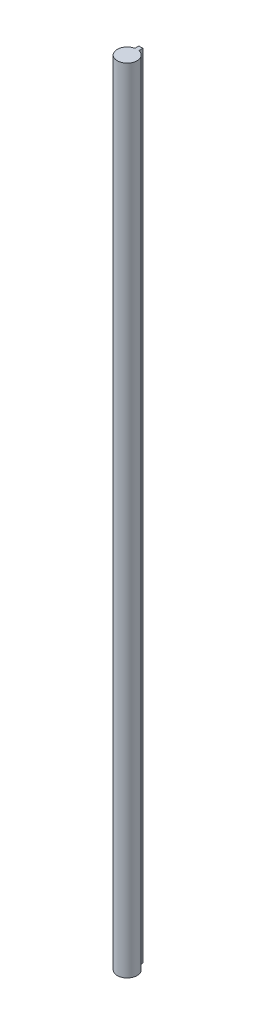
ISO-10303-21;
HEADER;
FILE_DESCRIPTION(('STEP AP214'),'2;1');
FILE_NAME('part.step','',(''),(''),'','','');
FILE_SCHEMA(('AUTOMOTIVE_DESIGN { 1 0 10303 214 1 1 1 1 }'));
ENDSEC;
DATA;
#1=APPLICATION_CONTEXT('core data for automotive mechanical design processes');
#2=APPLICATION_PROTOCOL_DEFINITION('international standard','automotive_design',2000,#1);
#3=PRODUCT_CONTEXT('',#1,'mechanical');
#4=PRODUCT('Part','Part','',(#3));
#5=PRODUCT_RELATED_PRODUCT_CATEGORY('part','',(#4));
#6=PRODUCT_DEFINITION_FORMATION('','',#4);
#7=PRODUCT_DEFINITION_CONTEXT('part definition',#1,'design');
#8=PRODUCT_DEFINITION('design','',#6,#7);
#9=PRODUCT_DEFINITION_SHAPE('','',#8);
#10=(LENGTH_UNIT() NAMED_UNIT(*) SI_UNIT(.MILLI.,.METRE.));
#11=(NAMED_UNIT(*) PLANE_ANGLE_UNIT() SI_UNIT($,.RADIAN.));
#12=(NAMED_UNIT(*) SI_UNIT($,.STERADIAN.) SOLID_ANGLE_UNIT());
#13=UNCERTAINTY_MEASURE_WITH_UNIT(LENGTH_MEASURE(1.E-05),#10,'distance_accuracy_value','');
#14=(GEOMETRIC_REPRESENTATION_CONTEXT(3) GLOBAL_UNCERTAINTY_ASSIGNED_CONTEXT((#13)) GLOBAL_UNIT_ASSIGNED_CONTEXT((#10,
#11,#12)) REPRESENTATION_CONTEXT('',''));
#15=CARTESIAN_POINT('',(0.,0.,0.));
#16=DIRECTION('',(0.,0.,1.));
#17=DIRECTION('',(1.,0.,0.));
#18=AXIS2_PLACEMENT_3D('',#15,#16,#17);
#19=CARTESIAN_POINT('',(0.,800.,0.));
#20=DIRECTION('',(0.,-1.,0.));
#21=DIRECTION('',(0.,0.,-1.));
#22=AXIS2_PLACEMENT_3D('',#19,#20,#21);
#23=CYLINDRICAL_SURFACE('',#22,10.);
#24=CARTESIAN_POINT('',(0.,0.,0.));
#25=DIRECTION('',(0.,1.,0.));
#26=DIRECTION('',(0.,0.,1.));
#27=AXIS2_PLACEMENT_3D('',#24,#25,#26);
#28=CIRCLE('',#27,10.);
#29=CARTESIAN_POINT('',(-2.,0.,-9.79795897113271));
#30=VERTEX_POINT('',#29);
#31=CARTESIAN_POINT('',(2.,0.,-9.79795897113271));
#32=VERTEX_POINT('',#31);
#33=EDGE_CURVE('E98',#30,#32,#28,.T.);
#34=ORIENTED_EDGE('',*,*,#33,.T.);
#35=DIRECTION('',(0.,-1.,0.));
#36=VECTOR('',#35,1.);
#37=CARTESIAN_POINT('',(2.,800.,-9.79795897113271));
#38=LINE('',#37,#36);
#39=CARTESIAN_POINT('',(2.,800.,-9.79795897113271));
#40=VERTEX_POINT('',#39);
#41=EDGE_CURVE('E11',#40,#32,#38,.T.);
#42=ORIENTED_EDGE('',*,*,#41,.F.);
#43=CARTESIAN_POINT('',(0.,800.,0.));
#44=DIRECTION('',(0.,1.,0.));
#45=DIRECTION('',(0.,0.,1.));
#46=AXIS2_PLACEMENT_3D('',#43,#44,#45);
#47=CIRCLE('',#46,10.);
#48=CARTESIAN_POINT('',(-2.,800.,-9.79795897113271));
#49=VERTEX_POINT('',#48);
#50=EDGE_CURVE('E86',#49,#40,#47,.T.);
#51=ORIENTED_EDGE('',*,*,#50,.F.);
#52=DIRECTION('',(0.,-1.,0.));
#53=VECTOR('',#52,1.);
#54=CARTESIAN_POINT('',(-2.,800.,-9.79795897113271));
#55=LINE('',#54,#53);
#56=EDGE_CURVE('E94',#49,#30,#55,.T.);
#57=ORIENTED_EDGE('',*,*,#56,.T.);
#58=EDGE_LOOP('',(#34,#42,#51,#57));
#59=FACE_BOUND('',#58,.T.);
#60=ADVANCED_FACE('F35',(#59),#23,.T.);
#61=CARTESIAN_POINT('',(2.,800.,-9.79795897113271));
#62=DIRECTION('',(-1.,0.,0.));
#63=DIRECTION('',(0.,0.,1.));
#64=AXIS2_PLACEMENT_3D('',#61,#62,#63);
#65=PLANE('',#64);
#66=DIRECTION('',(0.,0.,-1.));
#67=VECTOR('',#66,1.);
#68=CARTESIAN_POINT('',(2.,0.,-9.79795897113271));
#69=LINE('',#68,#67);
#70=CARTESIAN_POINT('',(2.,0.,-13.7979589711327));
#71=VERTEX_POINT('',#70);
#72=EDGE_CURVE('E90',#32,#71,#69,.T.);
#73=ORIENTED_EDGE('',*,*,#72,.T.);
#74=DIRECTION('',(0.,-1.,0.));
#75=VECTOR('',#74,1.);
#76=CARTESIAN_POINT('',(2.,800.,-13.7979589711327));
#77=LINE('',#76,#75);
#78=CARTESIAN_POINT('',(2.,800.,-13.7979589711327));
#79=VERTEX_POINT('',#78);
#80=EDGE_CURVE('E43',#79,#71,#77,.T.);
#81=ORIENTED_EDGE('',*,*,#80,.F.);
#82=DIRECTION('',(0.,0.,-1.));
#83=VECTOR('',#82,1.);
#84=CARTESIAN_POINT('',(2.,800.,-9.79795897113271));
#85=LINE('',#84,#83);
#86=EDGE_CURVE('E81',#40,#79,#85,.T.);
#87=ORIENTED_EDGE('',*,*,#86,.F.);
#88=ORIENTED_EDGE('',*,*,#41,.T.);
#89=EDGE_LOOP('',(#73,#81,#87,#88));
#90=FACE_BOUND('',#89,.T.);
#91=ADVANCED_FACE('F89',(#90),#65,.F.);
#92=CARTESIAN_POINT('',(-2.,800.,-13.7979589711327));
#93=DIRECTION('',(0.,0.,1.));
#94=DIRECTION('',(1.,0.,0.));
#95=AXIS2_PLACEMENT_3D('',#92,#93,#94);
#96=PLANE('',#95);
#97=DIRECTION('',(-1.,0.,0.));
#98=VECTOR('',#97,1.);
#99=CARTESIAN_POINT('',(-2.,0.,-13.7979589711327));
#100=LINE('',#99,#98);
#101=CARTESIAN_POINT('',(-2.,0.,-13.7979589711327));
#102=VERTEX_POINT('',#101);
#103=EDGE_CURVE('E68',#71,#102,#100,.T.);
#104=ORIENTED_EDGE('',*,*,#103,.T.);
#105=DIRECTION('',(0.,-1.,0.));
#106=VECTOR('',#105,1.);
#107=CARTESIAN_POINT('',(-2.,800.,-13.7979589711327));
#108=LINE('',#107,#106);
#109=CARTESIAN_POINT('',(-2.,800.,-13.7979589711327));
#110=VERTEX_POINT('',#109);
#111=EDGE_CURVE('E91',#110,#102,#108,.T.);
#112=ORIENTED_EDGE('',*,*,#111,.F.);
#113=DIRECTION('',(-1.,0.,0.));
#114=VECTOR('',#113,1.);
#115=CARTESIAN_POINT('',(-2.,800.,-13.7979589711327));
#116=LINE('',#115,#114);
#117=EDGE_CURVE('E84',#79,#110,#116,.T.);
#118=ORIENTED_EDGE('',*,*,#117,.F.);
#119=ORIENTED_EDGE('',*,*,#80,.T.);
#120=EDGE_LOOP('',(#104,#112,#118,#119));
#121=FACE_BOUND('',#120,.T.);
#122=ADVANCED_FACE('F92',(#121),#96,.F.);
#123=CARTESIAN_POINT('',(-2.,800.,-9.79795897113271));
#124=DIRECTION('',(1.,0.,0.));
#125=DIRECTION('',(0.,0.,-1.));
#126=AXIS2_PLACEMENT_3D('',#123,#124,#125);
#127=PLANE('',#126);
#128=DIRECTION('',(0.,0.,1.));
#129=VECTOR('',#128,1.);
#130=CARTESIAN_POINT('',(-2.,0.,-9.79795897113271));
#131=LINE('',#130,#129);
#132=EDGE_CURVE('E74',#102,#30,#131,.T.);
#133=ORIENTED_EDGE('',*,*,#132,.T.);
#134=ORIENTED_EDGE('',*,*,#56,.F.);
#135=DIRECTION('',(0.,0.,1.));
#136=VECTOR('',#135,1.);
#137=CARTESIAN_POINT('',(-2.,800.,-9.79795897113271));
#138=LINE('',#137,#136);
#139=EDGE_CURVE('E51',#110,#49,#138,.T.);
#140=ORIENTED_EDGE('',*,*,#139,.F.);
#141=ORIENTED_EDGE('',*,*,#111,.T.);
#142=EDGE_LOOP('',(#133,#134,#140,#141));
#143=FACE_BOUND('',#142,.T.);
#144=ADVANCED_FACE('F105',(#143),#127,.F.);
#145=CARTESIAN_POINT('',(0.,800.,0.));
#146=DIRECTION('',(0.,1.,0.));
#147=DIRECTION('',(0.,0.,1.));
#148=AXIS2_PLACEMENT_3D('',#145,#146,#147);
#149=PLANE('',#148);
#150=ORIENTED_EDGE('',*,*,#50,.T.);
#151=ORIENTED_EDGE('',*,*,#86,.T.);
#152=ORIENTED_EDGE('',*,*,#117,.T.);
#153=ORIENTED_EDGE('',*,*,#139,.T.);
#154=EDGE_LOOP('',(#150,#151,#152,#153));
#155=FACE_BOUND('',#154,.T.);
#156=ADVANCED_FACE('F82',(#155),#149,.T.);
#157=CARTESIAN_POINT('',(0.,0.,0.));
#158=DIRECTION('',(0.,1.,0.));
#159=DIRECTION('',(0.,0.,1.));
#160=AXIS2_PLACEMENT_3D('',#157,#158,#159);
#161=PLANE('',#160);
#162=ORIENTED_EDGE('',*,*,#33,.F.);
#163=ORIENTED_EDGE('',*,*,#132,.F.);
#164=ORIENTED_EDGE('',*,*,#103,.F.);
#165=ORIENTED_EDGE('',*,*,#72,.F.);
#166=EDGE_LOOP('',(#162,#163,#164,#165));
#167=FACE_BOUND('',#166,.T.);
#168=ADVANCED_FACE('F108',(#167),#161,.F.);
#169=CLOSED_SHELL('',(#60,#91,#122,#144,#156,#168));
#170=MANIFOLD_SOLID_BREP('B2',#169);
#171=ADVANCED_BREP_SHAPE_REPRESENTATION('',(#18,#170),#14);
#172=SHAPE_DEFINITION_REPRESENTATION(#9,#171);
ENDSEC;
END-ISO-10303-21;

# Exercise:
Using the data above, print exactly the lines from the line that contains "#136=VECTOR('',#135,1.);" through the line that contains "#152=ORIENTED_EDGE('',*,*,#117,.T.);", with both included.

# Worked solution:
#136=VECTOR('',#135,1.);
#137=CARTESIAN_POINT('',(-2.,800.,-9.79795897113271));
#138=LINE('',#137,#136);
#139=EDGE_CURVE('E51',#110,#49,#138,.T.);
#140=ORIENTED_EDGE('',*,*,#139,.F.);
#141=ORIENTED_EDGE('',*,*,#111,.T.);
#142=EDGE_LOOP('',(#133,#134,#140,#141));
#143=FACE_BOUND('',#142,.T.);
#144=ADVANCED_FACE('F105',(#143),#127,.F.);
#145=CARTESIAN_POINT('',(0.,800.,0.));
#146=DIRECTION('',(0.,1.,0.));
#147=DIRECTION('',(0.,0.,1.));
#148=AXIS2_PLACEMENT_3D('',#145,#146,#147);
#149=PLANE('',#148);
#150=ORIENTED_EDGE('',*,*,#50,.T.);
#151=ORIENTED_EDGE('',*,*,#86,.T.);
#152=ORIENTED_EDGE('',*,*,#117,.T.);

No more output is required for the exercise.